WDR26 Antibody / WD repeat domain-containing protein 26 (FY12826)

Immunofluorescent staining of WDR26 using anti-WDR26 antibody (green) and anti-Beta Tubulin antibody (red). WDR26 was detected in an immunocytochemical section of cells. Enzyme antigen retrieval was performed using IHC enzyme antigen retrieval reagent for 15 mins. The cells were blocked with 10% goat serum. And then incubated with 5 ug/ml rabbit anti-WDR26 antibody and mouse anti-Beta Tubulin antibody overnight at 4oC. DyLight 488 Conjugated Goat Anti-Rabbit IgG and Cy3 Conjugated Goat Anti-Mouse IgG were used as secondary antibody at 1:500 dilution and incubated for 30 minutes at 37oC. Visualize using a fluorescence microscope and filter sets appropriate for the label used.

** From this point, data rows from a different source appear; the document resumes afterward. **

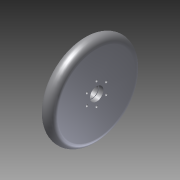
# Autodesk Inventor part: pneumatic 8'' wheel sketchy quality
Saved by Autodesk Inventor 2011 SP1 (Build 150282100, 282)
## iProperties
Created: 2013-01-18
Part Number: pneumatic 8'' wheel sketchy quality
Document SubType Name: Modeling
Designer: wes
Density: 1 g/cm^3
Author: wes
Autodesk Inventor part; units mm, degrees
ref_plane "YZ Plane" through (0, 0, 0) normal (1, 0, 0) x (0, 1, 0)
ref_plane "XZ Plane" through (0, 0, 0) normal (0, 1, 0) x (-1, 0, 0)
ref_plane "XY Plane" through (0, 0, 0) normal (0, 0, 1) x (1, 0, 0)
sketch "Sketch1" plane through (0, 0, 0) normal (0, 0, 1) x (1, 0, 0)
  line L0 (-17.6048, 17.9341) -> (10.9702, 17.9341)
  line L1 (10.9702, 17.9341) -> (10.9702, -64.9334)
  line L2 (10.9702, -64.9334) -> (-17.6048, -64.9334)
  line L3 (-17.6048, -64.9334) -> (-17.6048, 17.9341)
  circle A0 centre (-3.3173, 17.9341) radius 14.2875
  point P0 (0, 0)
  dimension "d0" = 28.575
  dimension "d1" = 82.8675
  constraints: 8 end point, 2 parallel, 1 horizontal, 1 horizontal alignment, 1 midpoint, 1 perpendicular, 2 other
  measures "d0" distance between parallel lines of L1 L3
  measures "d1" distance from line of L2 point (-3.317, 17.934)
revolve "Revolution1" add sketch "Sketch1" angle 360 about axis through (10.9702, -64.9334, 0) along (-1, 0, 0)
sketch "Sketch2" plane through (10.9702, -64.9334, 0) normal (1, 0, 0) x (0, 0, -1)
  circle A0 centre (0, 0) radius 82.8675 projected
  circle A1 centre (0, 0) radius 23.8125
  circle A2 centre (0, 0) radius 12.7
  line L0 (0, 0) -> (0, 42.8884)
  line L1 (37.1175, 21.4298) -> (0, 0)
  line L2 (0, 0) -> (31.3254, -18.0857)
  line L3 (31.3254, -18.0857) -> (0, 0)
  line L4 (0, 0) -> (0, -34.1508)
  line L5 (0, -34.1508) -> (0, 0)
  line L6 (0, 0) -> (-30.532, -17.6277)
  line L7 (-30.532, -17.6277) -> (0, 0)
  line L8 (0, 0) -> (-29.5082, 17.0365)
  circle A3 centre (0, 0) radius 14.2875
  point P0 (0, 64.9334)
  point P1 (0, 23.8125)
  point P2 (20.6222, 11.9063)
  point P3 (20.6222, -11.9062)
  point P4 (0, -23.8125)
  point P5 (-20.6222, -11.9063)
  point P6 (-20.6222, 11.9062)
  dimension "d3" = 47.625
  dimension "d4" = 25.4
  dimension "d5" = 60
  dimension "d6" = 60
  dimension "d7" = 60
  dimension "d8" = 60
  dimension "d16" = 28.575
  constraints: 18 end point, 6 point on circle, 5 point on line, 4 collinear, 3 centre point, 3 coincident, 1 vertical
  measures "d3" diameter of A1
  measures "d4" diameter of A2
  measures "d5" angle of L1 L0
  measures "d6" angle of L2 L1
  measures "d7" angle of L4 L6
  measures "d8" angle of L6 L8
  measures "d16" diameter of A3
hole "Hole1" at (10.9702, -41.1209, 0) at (10.9702, -53.0271, -20.6222) at (10.9702, -76.8396, -20.6222) at (10.9702, -88.7459, 0) at (10.9702, -76.8396, 20.6222) at (10.9702, -53.0271, 20.6222) direction (-1, 0, 0) diameter 5.08 depth 50.8 tip angle 118
extrude "Extrusion1" cut sketch "Sketch2" against normal blind 50.8 contours L1 L0 A2 | A2 L2 L1 | A2 L4 L2 | L0 L8 A2 | L4 A2 L6 | L6 A2 L8
extrude "Extrusion2" cut sketch "Sketch2" against normal blind 9.525 contours A3 L2 A2 L1 | L1 A2 L0 A3 | A3 L4 A2 L2 | L0 A2 L8 A3 | A3 L6 A2 L4 | L8 A2 L6 A3
sketch "Sketch3" plane through (-17.6048, -64.9334, 0) normal (-1, 0, 0) x (0, 0, 1)
  circle A0 centre (0, 0) radius 12.7 projected
  circle A1 centre (0, 0) radius 82.8675 projected
  circle A2 centre (0, 0) radius 14.2875
  point P0 (0, 64.9334)
  dimension "d21" = 28.575
  constraints: 1 centre point, 1 coincident
  measures "d21" diameter of A2
extrude "Extrusion3" cut sketch "Sketch3" against normal blind 9.525 contours A2
body "Solid1"

Western blot analysis of WDR26 using anti-WDR26 antibody. Electrophoresis was performed on a 10% SDS-PAGE gel at 80V (Stacking gel) / 120V (Resolving gel) for 2 hours. Lane 1: human U251 whole cell lysates, Lane 2: human K562 whole cell lysates, Lane 3: human 293T whole cell lysates, Lane 4: rat heart tissue lysates, Lane 5: rat brain tissue lysates, Lane 6: mouse heart tissue lysates, Lane 7: mouse brain tissue lysates. After electrophoresis, proteins were transferred to a nitrocellulose membrane at 150 mA for 50-90 minutes. Blocked the membrane with 5% non-fat milk/TBS for 1.5 hour at RT. The membrane was incubated with rabbit anti-WDR26 antibody at 0.5 ug/ml overnight at 4oC, then washed with TBS-0.1%Tween 3 times with 5 minutes each and probed with a goat anti-rabbit IgG-HRP secondary antibody at a dilution of 1:5000 for 1.5 hour at RT. The signal was developed using an ECL Plus Western Blotting Substrate. A specific band was detected for WDR26 at approximately 72 kDa. The expected molecular weight of WDR26 is ~72 kDa.

Flow Cytometry analysis of K562 cells using anti-WDR26 antibody. Overlay histogram showing K562 cells stained with (Blue line). To facilitate intracellular staining, cells were fixed with 4% paraformaldehyde and permeabilized with permeabilization buffer. The cells were blocked with 10% normal goat serum. And then incubated with rabbit anti-WDR26 antibody (1 ug/million cells) for 30 min at 20oC. DyLight 488 conjugated goat anti-rabbit IgG (5-10 ug/million cells) was used as secondary antibody for 30 minutes at 20oC. Isotype control antibody (Green line) was rabbit IgG (1 ug/million cells) used under the same conditions. Unlabelled sample without incubation with primary antibody and secondary antibody (Red line) was used as a blank control.